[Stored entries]
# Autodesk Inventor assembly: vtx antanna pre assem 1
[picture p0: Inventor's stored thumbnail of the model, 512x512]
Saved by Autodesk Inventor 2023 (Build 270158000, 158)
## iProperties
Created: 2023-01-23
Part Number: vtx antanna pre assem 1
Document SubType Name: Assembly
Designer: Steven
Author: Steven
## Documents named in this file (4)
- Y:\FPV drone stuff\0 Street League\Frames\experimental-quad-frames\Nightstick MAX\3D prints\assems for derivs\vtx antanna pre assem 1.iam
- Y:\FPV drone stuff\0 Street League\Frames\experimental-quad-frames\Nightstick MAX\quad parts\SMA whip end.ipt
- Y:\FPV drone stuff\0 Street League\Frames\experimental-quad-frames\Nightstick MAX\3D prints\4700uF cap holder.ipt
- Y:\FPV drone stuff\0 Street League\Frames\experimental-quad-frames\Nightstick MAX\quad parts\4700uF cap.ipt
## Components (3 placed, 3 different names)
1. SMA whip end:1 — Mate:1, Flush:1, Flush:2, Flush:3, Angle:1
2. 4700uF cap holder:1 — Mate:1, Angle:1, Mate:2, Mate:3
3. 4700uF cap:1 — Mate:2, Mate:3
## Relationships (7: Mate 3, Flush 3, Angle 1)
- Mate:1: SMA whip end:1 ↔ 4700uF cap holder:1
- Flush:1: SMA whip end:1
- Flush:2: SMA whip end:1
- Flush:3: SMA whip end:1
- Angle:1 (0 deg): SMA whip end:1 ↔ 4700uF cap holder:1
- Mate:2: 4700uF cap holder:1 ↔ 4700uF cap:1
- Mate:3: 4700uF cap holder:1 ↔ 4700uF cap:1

### TASK DIRECTIONS:
Exactly as written, please transcribe the lines from the start of the records above to the line that holds "- Angle:1 (0", both ends included.

### REPLY:
# Autodesk Inventor assembly: vtx antanna pre assem 1
[picture p0: Inventor's stored thumbnail of the model, 512x512]
Saved by Autodesk Inventor 2023 (Build 270158000, 158)
## iProperties
Created: 2023-01-23
Part Number: vtx antanna pre assem 1
Document SubType Name: Assembly
Designer: Steven
Author: Steven
## Documents named in this file (4)
- Y:\FPV drone stuff\0 Street League\Frames\experimental-quad-frames\Nightstick MAX\3D prints\assems for derivs\vtx antanna pre assem 1.iam
- Y:\FPV drone stuff\0 Street League\Frames\experimental-quad-frames\Nightstick MAX\quad parts\SMA whip end.ipt
- Y:\FPV drone stuff\0 Street League\Frames\experimental-quad-frames\Nightstick MAX\3D prints\4700uF cap holder.ipt
- Y:\FPV drone stuff\0 Street League\Frames\experimental-quad-frames\Nightstick MAX\quad parts\4700uF cap.ipt
## Components (3 placed, 3 different names)
1. SMA whip end:1 — Mate:1, Flush:1, Flush:2, Flush:3, Angle:1
2. 4700uF cap holder:1 — Mate:1, Angle:1, Mate:2, Mate:3
3. 4700uF cap:1 — Mate:2, Mate:3
## Relationships (7: Mate 3, Flush 3, Angle 1)
- Mate:1: SMA whip end:1 ↔ 4700uF cap holder:1
- Flush:1: SMA whip end:1
- Flush:2: SMA whip end:1
- Flush:3: SMA whip end:1
- Angle:1 (0 deg): SMA whip end:1 ↔ 4700uF cap holder:1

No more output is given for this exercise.